[Dataset items]
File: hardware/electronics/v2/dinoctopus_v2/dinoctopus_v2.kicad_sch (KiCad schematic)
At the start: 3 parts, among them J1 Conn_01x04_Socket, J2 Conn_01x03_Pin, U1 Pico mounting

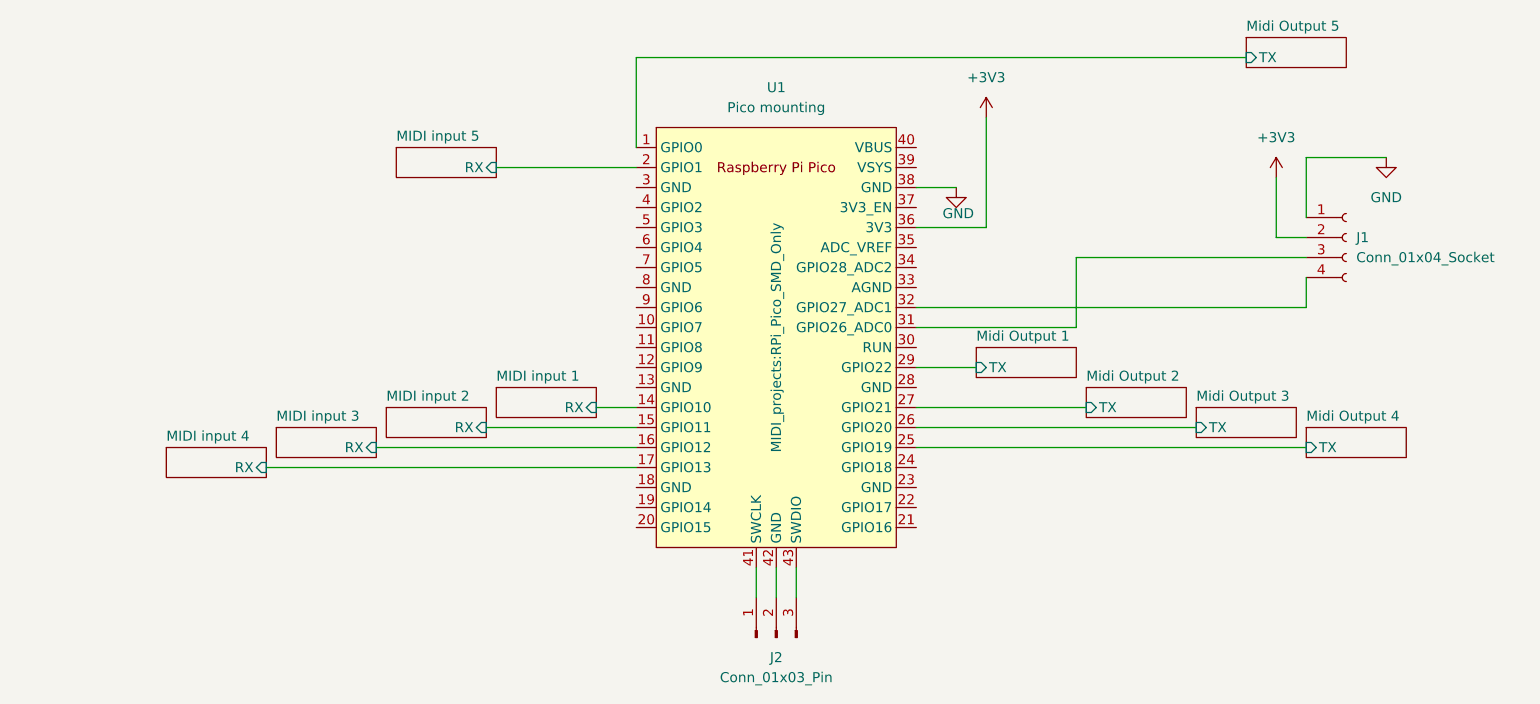
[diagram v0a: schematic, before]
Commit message: Rework schemas with JLCPCB references
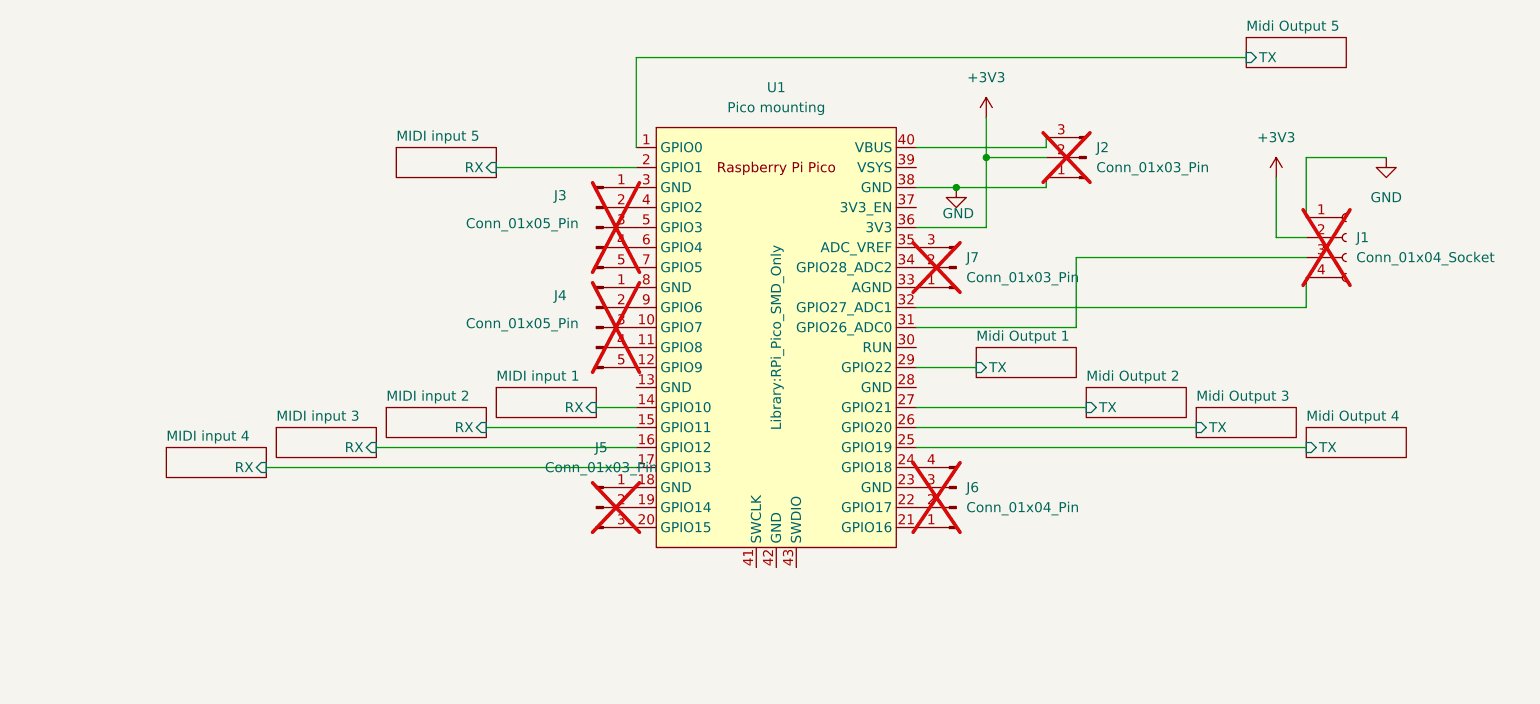
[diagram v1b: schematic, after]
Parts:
- added J3, J4: Conn_01x05_Pin, Connector_PinHeader_2.54mm:PinHeader_1x05_P2.54mm_Vertical, symbol Connector:Conn_01x05_Pin
- added J5, J7: Conn_01x03_Pin, Connector_PinHeader_2.54mm:PinHeader_1x03_P2.54mm_Vertical, symbol Connector:Conn_01x03_Pin
- added J6: Conn_01x04_Pin, Connector_PinHeader_2.54mm:PinHeader_1x04_P2.54mm_Vertical, symbol Connector:Conn_01x04_Pin
- J1: footprint MIDI_projects:JST_SH_SM04B-SRSS-TB_1x04-1MP_P1.00mm_Horizontal -> Library:JST_SH_SM04B-SRSS-TB_1x04-1MP_P1.00mm_Horizontal; now not fitted
- J2: now not fitted
- U1: footprint MIDI_projects:RPi_Pico_SMD_Only -> Library:RPi_Pico_SMD_Only
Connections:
- net +3V3: now also J2.2 (Pin_2)
- net GND: now also J2.1 (Pin_1)
- net at U1.41 (SWCLK): no longer J2.1 (Pin_1)
- net at U1.42 (GND): no longer J2.2 (Pin_2)
- net at J2.3 (Pin_3): now also U1.40 (VBUS); no longer U1.43 (SWDIO)
- net at U1.10 (GPIO7): now also J4.3 (Pin_3)
- net at U1.11 (GPIO8): now also J4.4 (Pin_4)
- net at U1.12 (GPIO9): now also J4.5 (Pin_5)
- net at U1.18 (GND): now also J5.1 (Pin_1)
- net at U1.19 (GPIO14): now also J5.2 (Pin_2)
- net at U1.20 (GPIO15): now also J5.3 (Pin_3)
- net at U1.21 (GPIO16): now also J6.1 (Pin_1)
- net at U1.22 (GPIO17): now also J6.2 (Pin_2)
- net at U1.23 (GND): now also J6.3 (Pin_3)
- net at U1.24 (GPIO18): now also J6.4 (Pin_4)
- net at U1.3 (GND): now also J3.1 (Pin_1)
- net at U1.33 (AGND): now also J7.1 (Pin_1)
- net at U1.34 (GPIO28_ADC2): now also J7.2 (Pin_2)
- net at U1.35 (ADC_VREF): now also J7.3 (Pin_3)
- net at U1.4 (GPIO2): now also J3.2 (Pin_2)
- net at U1.5 (GPIO3): now also J3.3 (Pin_3)
- net at U1.6 (GPIO4): now also J3.4 (Pin_4)
- net at U1.7 (GPIO5): now also J3.5 (Pin_5)
- net at U1.8 (GND): now also J4.1 (Pin_1)
- net at U1.9 (GPIO6): now also J4.2 (Pin_2)

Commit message: giant mess
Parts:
- removed J2, J5, J7: Conn_01x03_Pin, Connector_PinHeader_2.54mm:PinHeader_1x03_P2.54mm_Vertical, symbol Connector:Conn_01x03_Pin
- removed J3, J4: Conn_01x05_Pin, Connector_PinHeader_2.54mm:PinHeader_1x05_P2.54mm_Vertical, symbol Connector:Conn_01x05_Pin
- removed J6: Conn_01x04_Pin, Connector_PinHeader_2.54mm:PinHeader_1x04_P2.54mm_Vertical, symbol Connector:Conn_01x04_Pin
- added J3, J4: Conn_01x20_Pin, Connector_PinSocket_2.54mm:PinSocket_1x20_P2.54mm_Vertical, symbol Connector:Conn_01x20_Pin
- U1: footprint Library:RPi_Pico_SMD_Only -> Library:RPi_Pico_Holes_; now not fitted; now left out of the parts list
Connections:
- net +3V3: now also J4.5 (Pin_5)
- net GND: now also J4.3 (Pin_3)
- net MIDI input 1/RX: now also J3.14 (Pin_14)
- net MIDI input 2/RX: now also J3.15 (Pin_15)
- net MIDI input 3/RX: now also J3.16 (Pin_16)
- net MIDI input 4/RX: now also J3.17 (Pin_17)
- net MIDI input 5/RX: now also J3.2 (Pin_2)
- net Midi Output 1/TX: now also J4.12 (Pin_12)
- net Midi Output 2/TX: now also J4.14 (Pin_14)
- net Midi Output 3/TX: now also J4.15 (Pin_15)
- net Midi Output 4/TX: now also J4.16 (Pin_16)
- net Midi Output 5/TX: now also J3.1 (Pin_1)
- net at U1.8 (GND): now also J3.8 (Pin_8)
- net at U1.9 (GPIO6): now also J3.9 (Pin_9)
- net at U1.10 (GPIO7): now also J3.10 (Pin_10)
- net at U1.11 (GPIO8): now also J3.11 (Pin_11)
- net at U1.12 (GPIO9): now also J3.12 (Pin_12)
- net at U1.21 (GPIO16): now also J4.20 (Pin_20)
- net at U1.22 (GPIO17): now also J4.19 (Pin_19)
- net at U1.23 (GND): now also J4.18 (Pin_18)
- net at U1.24 (GPIO18): now also J4.17 (Pin_17)
- net at J1.3 (Pin_3), U1.31 (GPIO26_ADC0): now also J4.10 (Pin_10)
- net at J1.4 (Pin_4), U1.32 (GPIO27_ADC1): now also J4.9 (Pin_9)
- net at U1.33 (AGND): now also J4.8 (Pin_8)
- net at U1.34 (GPIO28_ADC2): now also J4.7 (Pin_7)
- net at U1.35 (ADC_VREF): now also J4.6 (Pin_6)
- net at U1.40 (VBUS): now also J4.1 (Pin_1)
- net at U1.3 (GND): now also J3.3 (Pin_3)
- net at U1.4 (GPIO2): now also J3.4 (Pin_4)
- net at U1.5 (GPIO3): now also J3.5 (Pin_5)
- net at U1.6 (GPIO4): now also J3.6 (Pin_6)
- net at U1.7 (GPIO5): now also J3.7 (Pin_7)
- net at U1.13 (GND): now also J3.13 (Pin_13)
- net at U1.18 (GND): now also J3.18 (Pin_18)
- net at U1.19 (GPIO14): now also J3.19 (Pin_19)
- net at U1.20 (GPIO15): now also J3.20 (Pin_20)
- net at U1.28 (GND): now also J4.13 (Pin_13)
- net at U1.30 (RUN): now also J4.11 (Pin_11)
- net at U1.37 (3V3_EN): now also J4.4 (Pin_4)
- net at U1.39 (VSYS): now also J4.2 (Pin_2)

[Work task] Return, word for word, the lines of the data above from the line with "- J1: footprint" through the line with "- net at U1.21 (GPIO16): now also J6.1", inclusive.

[Response to the exercise]
- J1: footprint MIDI_projects:JST_SH_SM04B-SRSS-TB_1x04-1MP_P1.00mm_Horizontal -> Library:JST_SH_SM04B-SRSS-TB_1x04-1MP_P1.00mm_Horizontal; now not fitted
- J2: now not fitted
- U1: footprint MIDI_projects:RPi_Pico_SMD_Only -> Library:RPi_Pico_SMD_Only
Connections:
- net +3V3: now also J2.2 (Pin_2)
- net GND: now also J2.1 (Pin_1)
- net at U1.41 (SWCLK): no longer J2.1 (Pin_1)
- net at U1.42 (GND): no longer J2.2 (Pin_2)
- net at J2.3 (Pin_3): now also U1.40 (VBUS); no longer U1.43 (SWDIO)
- net at U1.10 (GPIO7): now also J4.3 (Pin_3)
- net at U1.11 (GPIO8): now also J4.4 (Pin_4)
- net at U1.12 (GPIO9): now also J4.5 (Pin_5)
- net at U1.18 (GND): now also J5.1 (Pin_1)
- net at U1.19 (GPIO14): now also J5.2 (Pin_2)
- net at U1.20 (GPIO15): now also J5.3 (Pin_3)
- net at U1.21 (GPIO16): now also J6.1 (Pin_1)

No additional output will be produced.